И тут свершилось чудо! Матрос вспомнил Билли Харпера! Может быть, существовал какой-нибудь Билли Харпер; может быть, он жил в Шанхае сорок лет кряду и все еще находился там; но для меня это было совершенной новостью.
Еще добрых полчаса беседовали мы с матросом на такой манер. В конце концов он сказал полицейским, что я тот, за кого себя выдаю; переночевав у них и позавтракав, я был отпущен на волю и мог продолжать путешествие к моей замужней сестре в Сан-Франциско.
Но вернемся к женщине из Рено, которая открыла мне дверь в сумерках.

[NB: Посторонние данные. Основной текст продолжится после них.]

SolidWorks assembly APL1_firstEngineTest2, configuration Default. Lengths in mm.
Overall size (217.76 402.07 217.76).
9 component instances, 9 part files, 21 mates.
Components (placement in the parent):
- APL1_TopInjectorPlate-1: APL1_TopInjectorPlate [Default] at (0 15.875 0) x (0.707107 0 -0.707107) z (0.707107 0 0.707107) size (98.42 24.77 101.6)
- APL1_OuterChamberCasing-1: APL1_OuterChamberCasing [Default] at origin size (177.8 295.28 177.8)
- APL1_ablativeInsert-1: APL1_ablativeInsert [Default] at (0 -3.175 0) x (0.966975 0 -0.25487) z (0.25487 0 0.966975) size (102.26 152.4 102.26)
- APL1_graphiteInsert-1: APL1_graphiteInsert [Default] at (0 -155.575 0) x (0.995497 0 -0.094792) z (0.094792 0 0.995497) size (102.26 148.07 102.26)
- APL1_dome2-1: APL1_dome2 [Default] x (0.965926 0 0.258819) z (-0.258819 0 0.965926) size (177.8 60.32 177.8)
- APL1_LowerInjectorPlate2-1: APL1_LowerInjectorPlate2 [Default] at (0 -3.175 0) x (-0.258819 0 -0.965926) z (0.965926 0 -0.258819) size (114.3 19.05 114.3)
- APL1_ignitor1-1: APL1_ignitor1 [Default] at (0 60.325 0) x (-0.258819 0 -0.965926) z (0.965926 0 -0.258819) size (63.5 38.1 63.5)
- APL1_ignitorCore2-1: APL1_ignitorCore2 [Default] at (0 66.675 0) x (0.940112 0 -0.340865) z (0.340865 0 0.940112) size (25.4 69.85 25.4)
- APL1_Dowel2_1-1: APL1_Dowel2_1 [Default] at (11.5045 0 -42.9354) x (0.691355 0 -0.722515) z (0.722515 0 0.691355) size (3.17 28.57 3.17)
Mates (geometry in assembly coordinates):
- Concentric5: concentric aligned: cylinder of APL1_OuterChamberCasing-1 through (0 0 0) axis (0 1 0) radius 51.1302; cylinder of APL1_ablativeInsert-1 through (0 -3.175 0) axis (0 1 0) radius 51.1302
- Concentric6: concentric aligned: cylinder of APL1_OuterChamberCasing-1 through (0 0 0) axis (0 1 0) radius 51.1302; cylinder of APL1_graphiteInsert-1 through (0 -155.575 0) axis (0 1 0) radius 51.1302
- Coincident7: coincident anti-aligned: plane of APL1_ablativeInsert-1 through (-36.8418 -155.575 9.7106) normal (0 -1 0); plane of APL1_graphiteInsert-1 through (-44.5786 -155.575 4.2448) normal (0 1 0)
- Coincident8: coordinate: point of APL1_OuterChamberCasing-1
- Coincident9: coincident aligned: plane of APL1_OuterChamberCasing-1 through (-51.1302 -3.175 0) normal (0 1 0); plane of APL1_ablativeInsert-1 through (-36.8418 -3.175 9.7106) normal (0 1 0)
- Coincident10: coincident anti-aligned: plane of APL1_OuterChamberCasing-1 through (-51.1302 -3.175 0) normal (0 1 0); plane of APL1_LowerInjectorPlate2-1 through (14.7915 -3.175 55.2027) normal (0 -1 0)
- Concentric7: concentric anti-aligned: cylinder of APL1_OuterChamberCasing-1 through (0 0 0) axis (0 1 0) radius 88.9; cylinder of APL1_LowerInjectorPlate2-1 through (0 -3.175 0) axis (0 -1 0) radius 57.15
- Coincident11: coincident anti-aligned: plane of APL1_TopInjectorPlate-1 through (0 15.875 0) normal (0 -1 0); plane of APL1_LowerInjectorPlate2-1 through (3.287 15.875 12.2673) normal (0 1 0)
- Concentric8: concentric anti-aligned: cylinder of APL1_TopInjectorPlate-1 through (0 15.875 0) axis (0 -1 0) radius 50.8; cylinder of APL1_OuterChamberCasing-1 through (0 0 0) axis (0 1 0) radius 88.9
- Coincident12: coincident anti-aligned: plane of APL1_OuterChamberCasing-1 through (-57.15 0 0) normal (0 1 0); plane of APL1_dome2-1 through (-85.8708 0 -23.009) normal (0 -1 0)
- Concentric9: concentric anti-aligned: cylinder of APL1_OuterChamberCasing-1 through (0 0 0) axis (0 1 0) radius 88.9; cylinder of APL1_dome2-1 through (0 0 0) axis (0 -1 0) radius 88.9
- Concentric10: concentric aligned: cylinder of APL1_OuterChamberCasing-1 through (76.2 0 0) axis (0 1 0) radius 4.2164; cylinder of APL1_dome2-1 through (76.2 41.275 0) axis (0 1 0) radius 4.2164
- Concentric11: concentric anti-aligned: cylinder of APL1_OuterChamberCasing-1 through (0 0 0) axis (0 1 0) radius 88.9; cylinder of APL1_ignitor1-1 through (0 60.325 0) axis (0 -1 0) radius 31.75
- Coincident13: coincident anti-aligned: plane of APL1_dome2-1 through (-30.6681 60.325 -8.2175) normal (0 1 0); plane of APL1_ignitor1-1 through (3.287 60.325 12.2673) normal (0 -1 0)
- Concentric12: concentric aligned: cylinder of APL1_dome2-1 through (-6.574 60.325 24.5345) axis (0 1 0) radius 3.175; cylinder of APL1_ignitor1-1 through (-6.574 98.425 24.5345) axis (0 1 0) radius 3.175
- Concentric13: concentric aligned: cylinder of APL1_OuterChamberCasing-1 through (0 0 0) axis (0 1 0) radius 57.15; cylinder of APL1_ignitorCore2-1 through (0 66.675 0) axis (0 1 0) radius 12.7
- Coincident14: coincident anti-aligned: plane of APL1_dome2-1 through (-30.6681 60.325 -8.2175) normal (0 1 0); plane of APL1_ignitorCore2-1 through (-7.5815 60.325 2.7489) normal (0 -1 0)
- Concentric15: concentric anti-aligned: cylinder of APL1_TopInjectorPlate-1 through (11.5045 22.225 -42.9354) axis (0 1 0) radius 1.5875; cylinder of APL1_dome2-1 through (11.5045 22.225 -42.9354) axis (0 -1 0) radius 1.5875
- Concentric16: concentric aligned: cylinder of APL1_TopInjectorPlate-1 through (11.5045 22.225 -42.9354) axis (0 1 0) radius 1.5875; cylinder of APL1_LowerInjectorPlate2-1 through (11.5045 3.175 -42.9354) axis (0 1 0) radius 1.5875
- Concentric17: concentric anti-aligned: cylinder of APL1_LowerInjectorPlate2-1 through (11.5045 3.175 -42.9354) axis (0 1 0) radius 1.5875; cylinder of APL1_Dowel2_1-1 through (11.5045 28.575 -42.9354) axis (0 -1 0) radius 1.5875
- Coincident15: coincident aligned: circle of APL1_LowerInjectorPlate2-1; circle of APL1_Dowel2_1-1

Первый же взгляд на ее доброе лицо надоумил меня, как себя вести. Я превратился в смирного, невинного, несчастного паренька… Я не мог даже заговорить. Я раскрыл рот и снова закрыл его. Никогда еще в жизни я не попрошайничал. Растерянность моя была так тягостна, так очевидна! Я просто сгорал от стыда. Я, считавший попрошайничество приятным озорством, превратился в истого сына миссис Грэнди, классической мещанки, зараженного всеми ее буржуазными предрассудками. Только острые муки голода могли, мол, толкнуть меня на такое унизительное и гнусное дело, как протягивание руки за куском… И я постарался изобразить на лице всю нерешительность изголодавшегося и простодушного юноши, не привыкшего просить милостыню.
— Ты голоден, бедный мальчик? — спросила она.
Я заставил ее заговорить раньше меня.
Я кивнул и всхлипнул.
— Я первый раз в жизни… прошу, — пролепетал я.
— Ну, входи! — Дверь распахнулась. — Мы уже кончили обедать, но печь еще топится, и я приготовлю тебе чего-нибудь…
Повернув меня к свету, она внимательно осмотрела меня.
— Если бы мой мальчик был так же здоров и силен! — проговорила она. — Но он слабенький. Иногда падает… Да вот нынче вечером он упал и сильно расшибся, бедняжка…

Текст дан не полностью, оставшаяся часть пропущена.